>>>>>
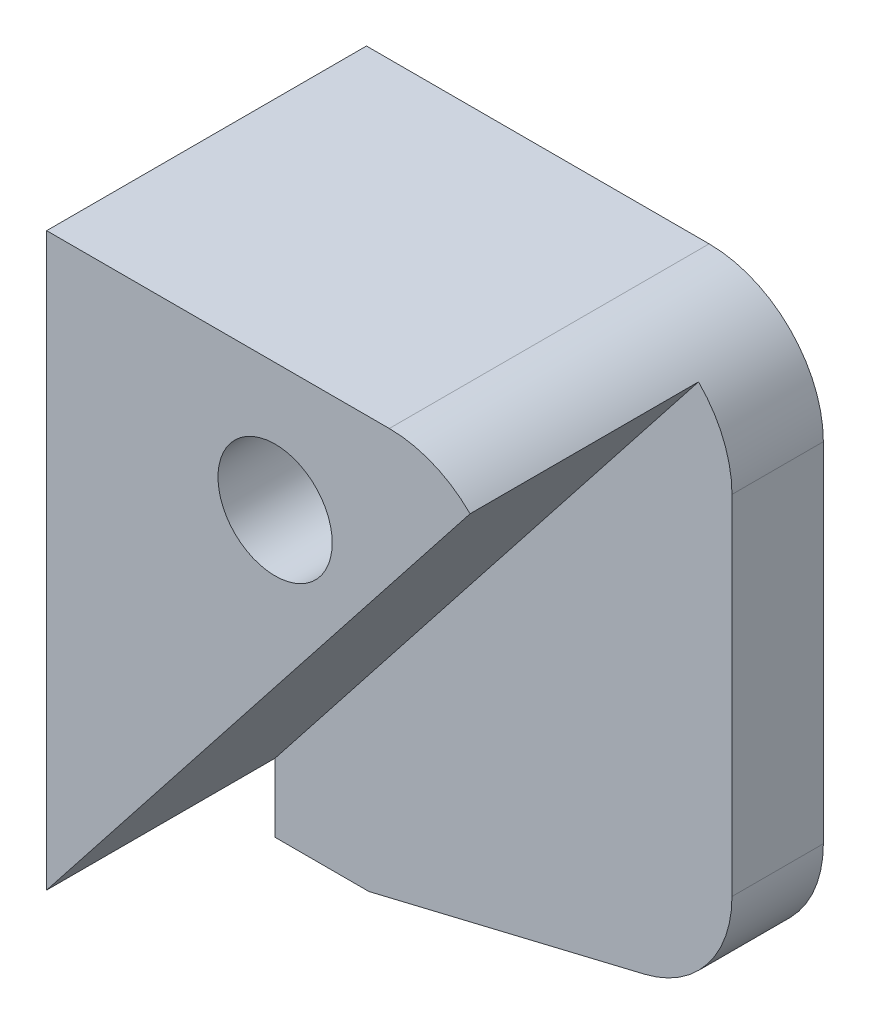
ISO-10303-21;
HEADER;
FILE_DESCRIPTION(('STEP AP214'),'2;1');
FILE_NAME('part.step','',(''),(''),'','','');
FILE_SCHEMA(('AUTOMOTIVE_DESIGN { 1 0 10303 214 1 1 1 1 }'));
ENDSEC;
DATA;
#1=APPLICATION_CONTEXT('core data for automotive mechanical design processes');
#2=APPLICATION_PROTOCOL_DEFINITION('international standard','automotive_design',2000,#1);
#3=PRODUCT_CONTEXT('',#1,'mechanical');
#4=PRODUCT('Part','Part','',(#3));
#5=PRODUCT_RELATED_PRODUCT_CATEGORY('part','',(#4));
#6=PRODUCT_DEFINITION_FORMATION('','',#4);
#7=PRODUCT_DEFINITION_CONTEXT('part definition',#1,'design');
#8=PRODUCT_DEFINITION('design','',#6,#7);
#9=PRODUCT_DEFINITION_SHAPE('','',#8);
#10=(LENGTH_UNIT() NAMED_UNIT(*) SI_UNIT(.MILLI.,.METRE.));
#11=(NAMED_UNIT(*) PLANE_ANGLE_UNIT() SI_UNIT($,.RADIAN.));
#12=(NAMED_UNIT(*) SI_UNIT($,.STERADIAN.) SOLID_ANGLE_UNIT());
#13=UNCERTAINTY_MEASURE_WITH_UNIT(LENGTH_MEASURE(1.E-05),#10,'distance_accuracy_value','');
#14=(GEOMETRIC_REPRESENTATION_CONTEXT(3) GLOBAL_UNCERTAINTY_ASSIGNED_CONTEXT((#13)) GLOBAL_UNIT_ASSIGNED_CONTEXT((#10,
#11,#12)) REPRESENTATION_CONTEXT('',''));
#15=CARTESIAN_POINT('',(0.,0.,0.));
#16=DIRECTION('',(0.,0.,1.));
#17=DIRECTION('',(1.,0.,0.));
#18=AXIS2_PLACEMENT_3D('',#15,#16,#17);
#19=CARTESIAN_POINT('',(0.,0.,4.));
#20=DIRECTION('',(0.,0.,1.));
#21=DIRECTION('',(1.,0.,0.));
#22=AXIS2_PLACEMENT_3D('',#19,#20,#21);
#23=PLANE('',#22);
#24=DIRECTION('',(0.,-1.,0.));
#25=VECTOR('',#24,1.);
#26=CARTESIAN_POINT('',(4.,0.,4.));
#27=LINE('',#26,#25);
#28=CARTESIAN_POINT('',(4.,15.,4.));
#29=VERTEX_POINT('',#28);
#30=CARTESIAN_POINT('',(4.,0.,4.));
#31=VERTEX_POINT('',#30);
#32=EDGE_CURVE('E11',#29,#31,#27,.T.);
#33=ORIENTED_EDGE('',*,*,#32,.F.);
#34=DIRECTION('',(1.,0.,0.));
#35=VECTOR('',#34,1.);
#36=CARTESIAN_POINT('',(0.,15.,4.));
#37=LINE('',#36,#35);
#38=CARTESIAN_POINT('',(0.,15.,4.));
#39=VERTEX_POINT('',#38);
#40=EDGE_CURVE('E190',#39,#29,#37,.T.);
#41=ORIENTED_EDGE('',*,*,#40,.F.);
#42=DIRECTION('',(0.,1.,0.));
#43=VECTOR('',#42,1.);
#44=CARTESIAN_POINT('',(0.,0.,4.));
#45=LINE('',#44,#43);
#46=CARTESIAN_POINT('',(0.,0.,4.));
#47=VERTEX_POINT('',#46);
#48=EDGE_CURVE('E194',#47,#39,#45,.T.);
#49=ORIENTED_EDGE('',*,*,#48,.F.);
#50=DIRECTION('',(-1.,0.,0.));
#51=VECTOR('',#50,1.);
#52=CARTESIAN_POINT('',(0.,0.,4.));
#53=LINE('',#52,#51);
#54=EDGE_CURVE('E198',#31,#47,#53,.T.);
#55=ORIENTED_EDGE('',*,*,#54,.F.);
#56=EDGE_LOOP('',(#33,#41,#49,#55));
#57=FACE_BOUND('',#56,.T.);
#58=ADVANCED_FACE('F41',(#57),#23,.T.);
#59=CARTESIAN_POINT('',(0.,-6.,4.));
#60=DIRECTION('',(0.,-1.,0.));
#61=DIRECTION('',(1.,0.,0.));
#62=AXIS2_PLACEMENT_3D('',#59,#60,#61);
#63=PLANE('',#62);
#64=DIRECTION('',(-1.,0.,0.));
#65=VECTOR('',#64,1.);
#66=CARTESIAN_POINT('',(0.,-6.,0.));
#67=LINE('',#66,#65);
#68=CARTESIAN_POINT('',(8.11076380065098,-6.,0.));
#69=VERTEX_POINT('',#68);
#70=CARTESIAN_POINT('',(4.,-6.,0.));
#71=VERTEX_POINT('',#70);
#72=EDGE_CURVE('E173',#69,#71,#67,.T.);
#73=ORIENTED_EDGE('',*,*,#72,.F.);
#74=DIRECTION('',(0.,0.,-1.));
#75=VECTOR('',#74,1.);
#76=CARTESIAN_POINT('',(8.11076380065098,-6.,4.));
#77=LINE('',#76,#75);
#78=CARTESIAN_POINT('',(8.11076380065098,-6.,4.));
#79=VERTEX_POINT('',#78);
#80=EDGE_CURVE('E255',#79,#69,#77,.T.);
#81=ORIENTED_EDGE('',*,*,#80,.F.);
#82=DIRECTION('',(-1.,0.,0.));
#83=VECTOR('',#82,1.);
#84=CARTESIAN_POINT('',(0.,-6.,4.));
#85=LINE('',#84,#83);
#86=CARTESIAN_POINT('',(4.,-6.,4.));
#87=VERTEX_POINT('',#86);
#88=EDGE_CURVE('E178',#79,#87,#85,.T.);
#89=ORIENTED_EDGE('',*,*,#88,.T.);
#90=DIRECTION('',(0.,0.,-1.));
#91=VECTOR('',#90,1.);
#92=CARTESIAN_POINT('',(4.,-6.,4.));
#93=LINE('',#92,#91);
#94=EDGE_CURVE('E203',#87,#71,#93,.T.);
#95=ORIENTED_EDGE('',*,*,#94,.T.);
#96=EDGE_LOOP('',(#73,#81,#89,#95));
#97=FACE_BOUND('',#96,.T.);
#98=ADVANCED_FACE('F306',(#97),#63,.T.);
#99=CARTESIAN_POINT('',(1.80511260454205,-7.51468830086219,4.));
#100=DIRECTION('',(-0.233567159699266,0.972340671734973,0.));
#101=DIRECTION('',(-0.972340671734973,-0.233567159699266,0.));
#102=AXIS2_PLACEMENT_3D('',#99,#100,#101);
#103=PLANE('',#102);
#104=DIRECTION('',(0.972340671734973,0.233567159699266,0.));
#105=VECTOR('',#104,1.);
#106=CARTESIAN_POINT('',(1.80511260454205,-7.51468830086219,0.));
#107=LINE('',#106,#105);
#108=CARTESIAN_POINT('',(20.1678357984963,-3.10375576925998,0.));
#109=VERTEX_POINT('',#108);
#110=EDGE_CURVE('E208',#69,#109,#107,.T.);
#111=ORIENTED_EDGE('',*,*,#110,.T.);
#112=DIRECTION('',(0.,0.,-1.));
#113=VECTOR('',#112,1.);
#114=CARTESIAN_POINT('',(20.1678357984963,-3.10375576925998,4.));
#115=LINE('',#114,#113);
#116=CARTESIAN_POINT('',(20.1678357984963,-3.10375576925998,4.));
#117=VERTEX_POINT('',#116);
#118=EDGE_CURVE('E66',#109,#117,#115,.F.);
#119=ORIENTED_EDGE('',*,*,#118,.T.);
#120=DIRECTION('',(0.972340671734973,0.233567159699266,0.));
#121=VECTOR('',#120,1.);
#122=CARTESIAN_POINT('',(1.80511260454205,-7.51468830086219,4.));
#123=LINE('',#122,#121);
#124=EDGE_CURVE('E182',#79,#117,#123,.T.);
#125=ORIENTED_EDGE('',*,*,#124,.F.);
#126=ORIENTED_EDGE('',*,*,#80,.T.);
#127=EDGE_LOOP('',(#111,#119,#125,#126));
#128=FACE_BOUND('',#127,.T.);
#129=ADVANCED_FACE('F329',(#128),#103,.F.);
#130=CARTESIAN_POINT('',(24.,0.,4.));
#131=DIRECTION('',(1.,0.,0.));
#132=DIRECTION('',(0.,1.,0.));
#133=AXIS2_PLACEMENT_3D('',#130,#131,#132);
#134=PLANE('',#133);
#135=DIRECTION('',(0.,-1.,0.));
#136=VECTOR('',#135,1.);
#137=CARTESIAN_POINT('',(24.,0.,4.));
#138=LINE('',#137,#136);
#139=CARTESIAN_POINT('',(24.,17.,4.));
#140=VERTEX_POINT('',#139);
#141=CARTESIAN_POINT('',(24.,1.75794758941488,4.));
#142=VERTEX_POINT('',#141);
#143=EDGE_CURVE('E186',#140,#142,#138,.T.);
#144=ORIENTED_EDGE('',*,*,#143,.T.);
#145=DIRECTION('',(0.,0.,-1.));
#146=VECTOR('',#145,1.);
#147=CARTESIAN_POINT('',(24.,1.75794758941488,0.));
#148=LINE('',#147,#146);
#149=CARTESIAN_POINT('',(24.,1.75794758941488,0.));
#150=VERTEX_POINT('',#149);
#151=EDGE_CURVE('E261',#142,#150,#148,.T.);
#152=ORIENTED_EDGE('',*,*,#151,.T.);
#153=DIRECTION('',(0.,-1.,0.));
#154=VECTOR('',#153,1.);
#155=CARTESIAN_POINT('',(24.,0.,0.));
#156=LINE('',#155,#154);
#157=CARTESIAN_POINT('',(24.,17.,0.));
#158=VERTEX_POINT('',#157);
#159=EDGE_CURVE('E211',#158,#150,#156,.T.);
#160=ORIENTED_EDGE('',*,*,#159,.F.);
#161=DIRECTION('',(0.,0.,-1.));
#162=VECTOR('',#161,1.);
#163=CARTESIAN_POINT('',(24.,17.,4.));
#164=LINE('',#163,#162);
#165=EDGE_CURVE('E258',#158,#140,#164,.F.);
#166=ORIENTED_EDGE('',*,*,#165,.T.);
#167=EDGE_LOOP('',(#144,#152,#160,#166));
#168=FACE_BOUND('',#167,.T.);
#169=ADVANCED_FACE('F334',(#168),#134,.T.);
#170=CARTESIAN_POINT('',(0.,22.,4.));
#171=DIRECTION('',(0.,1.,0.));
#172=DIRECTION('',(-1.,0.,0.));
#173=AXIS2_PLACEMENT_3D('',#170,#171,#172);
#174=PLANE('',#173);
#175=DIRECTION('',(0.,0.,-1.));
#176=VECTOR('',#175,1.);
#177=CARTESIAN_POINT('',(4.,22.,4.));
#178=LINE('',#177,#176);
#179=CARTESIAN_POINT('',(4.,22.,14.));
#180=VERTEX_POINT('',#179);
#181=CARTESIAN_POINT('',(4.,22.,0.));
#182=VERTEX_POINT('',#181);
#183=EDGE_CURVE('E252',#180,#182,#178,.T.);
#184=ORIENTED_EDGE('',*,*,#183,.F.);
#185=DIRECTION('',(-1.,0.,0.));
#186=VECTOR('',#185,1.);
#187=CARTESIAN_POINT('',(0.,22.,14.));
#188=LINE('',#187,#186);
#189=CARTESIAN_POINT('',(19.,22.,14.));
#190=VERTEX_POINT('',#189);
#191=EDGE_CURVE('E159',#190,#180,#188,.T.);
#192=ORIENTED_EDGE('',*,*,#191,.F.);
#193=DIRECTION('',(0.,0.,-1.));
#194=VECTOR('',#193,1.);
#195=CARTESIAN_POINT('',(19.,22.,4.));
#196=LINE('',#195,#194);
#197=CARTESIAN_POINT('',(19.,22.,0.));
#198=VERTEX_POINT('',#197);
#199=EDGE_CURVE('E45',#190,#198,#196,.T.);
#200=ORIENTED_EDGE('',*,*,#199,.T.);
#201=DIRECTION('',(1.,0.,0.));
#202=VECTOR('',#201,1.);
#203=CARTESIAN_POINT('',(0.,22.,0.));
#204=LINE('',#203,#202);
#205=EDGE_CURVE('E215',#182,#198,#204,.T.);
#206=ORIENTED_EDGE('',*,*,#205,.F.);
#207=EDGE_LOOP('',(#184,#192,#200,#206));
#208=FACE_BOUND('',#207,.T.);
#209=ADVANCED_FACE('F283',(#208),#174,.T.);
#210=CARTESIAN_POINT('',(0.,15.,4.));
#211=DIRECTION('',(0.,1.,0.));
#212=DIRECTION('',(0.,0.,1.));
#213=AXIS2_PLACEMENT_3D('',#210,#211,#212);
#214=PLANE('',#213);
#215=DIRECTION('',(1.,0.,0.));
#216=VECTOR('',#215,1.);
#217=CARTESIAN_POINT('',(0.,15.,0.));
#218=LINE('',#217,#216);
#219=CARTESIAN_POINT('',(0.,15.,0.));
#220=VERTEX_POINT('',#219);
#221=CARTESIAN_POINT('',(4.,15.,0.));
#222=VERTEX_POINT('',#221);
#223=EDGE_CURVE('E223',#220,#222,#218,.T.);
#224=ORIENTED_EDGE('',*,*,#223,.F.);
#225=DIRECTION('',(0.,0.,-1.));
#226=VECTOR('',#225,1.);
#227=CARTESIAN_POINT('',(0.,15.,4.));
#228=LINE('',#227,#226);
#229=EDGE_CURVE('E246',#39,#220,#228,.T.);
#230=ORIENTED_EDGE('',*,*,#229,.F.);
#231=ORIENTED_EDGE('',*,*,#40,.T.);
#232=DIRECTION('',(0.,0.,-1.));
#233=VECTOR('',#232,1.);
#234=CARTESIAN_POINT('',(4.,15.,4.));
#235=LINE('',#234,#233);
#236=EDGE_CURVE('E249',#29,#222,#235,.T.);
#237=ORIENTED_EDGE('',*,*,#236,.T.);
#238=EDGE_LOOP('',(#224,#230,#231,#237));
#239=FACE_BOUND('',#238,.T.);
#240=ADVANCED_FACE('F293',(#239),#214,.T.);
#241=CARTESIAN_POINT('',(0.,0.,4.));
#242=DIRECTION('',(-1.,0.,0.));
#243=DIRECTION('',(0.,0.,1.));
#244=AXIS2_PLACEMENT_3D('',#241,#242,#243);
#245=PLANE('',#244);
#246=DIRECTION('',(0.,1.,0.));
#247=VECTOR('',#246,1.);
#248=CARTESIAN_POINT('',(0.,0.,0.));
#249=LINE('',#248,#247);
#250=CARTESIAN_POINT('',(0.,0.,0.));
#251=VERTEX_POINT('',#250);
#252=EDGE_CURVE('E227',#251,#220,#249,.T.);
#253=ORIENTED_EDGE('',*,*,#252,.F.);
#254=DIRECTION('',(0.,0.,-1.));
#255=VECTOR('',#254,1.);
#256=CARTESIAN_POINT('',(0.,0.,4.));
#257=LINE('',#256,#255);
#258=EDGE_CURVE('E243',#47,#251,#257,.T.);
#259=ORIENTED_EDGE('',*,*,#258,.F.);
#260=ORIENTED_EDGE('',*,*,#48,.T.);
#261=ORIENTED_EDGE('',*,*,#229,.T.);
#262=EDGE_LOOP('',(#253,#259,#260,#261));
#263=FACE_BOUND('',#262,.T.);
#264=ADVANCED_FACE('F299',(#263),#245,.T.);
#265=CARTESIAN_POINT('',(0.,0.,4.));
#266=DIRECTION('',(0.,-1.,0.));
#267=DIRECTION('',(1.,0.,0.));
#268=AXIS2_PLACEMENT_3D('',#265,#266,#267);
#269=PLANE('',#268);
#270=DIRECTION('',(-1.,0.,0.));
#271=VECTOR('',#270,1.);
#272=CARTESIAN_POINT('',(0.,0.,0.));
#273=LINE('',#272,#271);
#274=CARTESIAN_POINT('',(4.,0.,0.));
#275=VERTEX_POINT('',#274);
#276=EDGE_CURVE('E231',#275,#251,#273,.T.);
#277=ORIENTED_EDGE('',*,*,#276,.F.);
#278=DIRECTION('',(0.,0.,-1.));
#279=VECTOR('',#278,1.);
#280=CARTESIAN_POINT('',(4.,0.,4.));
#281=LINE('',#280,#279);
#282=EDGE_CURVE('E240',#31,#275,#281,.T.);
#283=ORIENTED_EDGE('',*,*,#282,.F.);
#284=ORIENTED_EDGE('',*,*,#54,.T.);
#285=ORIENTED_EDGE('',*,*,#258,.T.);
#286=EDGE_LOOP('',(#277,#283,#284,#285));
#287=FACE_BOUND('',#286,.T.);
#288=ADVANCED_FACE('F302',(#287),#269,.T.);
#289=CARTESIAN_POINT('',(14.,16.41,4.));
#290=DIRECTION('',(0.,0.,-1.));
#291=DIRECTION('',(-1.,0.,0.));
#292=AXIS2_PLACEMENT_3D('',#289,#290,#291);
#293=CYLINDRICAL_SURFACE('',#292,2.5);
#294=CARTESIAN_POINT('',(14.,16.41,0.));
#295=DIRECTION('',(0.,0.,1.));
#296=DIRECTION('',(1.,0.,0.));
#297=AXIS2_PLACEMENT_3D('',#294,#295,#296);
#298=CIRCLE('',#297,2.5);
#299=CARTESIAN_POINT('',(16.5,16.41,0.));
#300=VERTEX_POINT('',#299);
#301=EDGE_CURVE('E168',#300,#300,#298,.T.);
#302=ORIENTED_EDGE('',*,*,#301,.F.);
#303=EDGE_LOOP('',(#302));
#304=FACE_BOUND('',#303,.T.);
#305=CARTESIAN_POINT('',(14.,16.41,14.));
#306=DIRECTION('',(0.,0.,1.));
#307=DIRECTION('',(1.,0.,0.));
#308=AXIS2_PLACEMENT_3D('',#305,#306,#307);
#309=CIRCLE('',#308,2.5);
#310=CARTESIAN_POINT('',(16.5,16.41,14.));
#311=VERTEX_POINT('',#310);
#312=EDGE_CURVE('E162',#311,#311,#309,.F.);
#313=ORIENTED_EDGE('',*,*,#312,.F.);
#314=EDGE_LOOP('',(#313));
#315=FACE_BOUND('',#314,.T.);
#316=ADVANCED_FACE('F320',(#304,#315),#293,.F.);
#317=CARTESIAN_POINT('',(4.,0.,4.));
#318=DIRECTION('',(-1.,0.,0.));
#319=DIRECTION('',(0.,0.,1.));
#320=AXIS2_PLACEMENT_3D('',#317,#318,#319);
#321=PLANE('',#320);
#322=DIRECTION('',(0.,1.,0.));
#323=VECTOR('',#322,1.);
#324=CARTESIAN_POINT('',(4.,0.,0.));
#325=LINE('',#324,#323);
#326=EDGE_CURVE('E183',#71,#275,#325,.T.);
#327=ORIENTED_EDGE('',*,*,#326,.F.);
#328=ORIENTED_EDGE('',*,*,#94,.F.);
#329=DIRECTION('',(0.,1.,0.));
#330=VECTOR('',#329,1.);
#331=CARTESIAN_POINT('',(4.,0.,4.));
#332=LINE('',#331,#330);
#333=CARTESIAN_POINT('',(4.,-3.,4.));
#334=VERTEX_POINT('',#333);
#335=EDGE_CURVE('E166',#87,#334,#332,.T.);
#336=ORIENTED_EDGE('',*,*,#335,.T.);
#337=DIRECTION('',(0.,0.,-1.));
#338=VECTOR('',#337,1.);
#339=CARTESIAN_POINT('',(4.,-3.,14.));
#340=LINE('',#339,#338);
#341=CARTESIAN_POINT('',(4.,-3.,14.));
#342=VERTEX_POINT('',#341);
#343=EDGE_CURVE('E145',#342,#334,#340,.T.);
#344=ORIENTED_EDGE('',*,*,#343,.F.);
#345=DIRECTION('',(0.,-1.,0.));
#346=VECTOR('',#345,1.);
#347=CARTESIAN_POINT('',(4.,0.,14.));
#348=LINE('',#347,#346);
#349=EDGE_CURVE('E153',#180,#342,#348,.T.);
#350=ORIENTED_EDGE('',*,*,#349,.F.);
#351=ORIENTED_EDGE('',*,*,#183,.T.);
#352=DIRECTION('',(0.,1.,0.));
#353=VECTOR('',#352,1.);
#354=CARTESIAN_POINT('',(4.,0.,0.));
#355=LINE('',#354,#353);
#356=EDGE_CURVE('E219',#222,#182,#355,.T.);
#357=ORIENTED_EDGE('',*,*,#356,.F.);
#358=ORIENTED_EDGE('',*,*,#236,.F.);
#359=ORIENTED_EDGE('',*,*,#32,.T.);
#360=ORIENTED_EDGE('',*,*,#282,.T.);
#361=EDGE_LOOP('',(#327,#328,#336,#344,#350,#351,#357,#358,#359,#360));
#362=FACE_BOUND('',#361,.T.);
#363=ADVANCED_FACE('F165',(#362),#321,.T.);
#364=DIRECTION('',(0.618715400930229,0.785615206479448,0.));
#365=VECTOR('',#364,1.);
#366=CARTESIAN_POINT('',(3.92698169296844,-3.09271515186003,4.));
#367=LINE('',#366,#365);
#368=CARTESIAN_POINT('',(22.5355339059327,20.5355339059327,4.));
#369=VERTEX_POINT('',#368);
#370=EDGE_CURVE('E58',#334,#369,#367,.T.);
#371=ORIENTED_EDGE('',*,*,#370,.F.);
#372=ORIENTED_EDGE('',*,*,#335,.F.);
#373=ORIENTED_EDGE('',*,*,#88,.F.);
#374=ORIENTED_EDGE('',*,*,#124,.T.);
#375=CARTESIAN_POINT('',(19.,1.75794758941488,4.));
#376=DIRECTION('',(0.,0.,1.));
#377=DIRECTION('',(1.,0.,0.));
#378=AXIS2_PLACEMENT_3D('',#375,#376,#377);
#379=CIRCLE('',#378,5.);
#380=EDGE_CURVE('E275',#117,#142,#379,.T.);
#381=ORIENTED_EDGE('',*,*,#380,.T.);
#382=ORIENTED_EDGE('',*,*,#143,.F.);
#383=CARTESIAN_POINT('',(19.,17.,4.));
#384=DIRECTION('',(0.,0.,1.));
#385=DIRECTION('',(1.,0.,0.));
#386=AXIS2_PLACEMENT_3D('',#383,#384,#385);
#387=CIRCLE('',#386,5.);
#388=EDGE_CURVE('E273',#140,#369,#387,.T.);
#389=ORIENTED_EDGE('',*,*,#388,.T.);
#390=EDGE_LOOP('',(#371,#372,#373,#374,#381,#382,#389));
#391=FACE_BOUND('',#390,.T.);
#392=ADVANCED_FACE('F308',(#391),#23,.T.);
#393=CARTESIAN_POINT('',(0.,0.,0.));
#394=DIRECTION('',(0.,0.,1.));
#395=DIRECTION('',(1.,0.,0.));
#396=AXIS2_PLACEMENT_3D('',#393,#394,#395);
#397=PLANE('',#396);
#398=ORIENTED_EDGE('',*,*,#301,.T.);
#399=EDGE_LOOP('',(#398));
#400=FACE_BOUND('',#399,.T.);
<<<<<
What the task requires: Would you retype exactly the lines above, from the line with "#367=LINE('',#366,#365);" to the line with "#374=ORIENTED_EDGE('',*,*,#124,.T.);", with both end lines kept and nothing more?

Solution for this exercise:
#367=LINE('',#366,#365);
#368=CARTESIAN_POINT('',(22.5355339059327,20.5355339059327,4.));
#369=VERTEX_POINT('',#368);
#370=EDGE_CURVE('E58',#334,#369,#367,.T.);
#371=ORIENTED_EDGE('',*,*,#370,.F.);
#372=ORIENTED_EDGE('',*,*,#335,.F.);
#373=ORIENTED_EDGE('',*,*,#88,.F.);
#374=ORIENTED_EDGE('',*,*,#124,.T.);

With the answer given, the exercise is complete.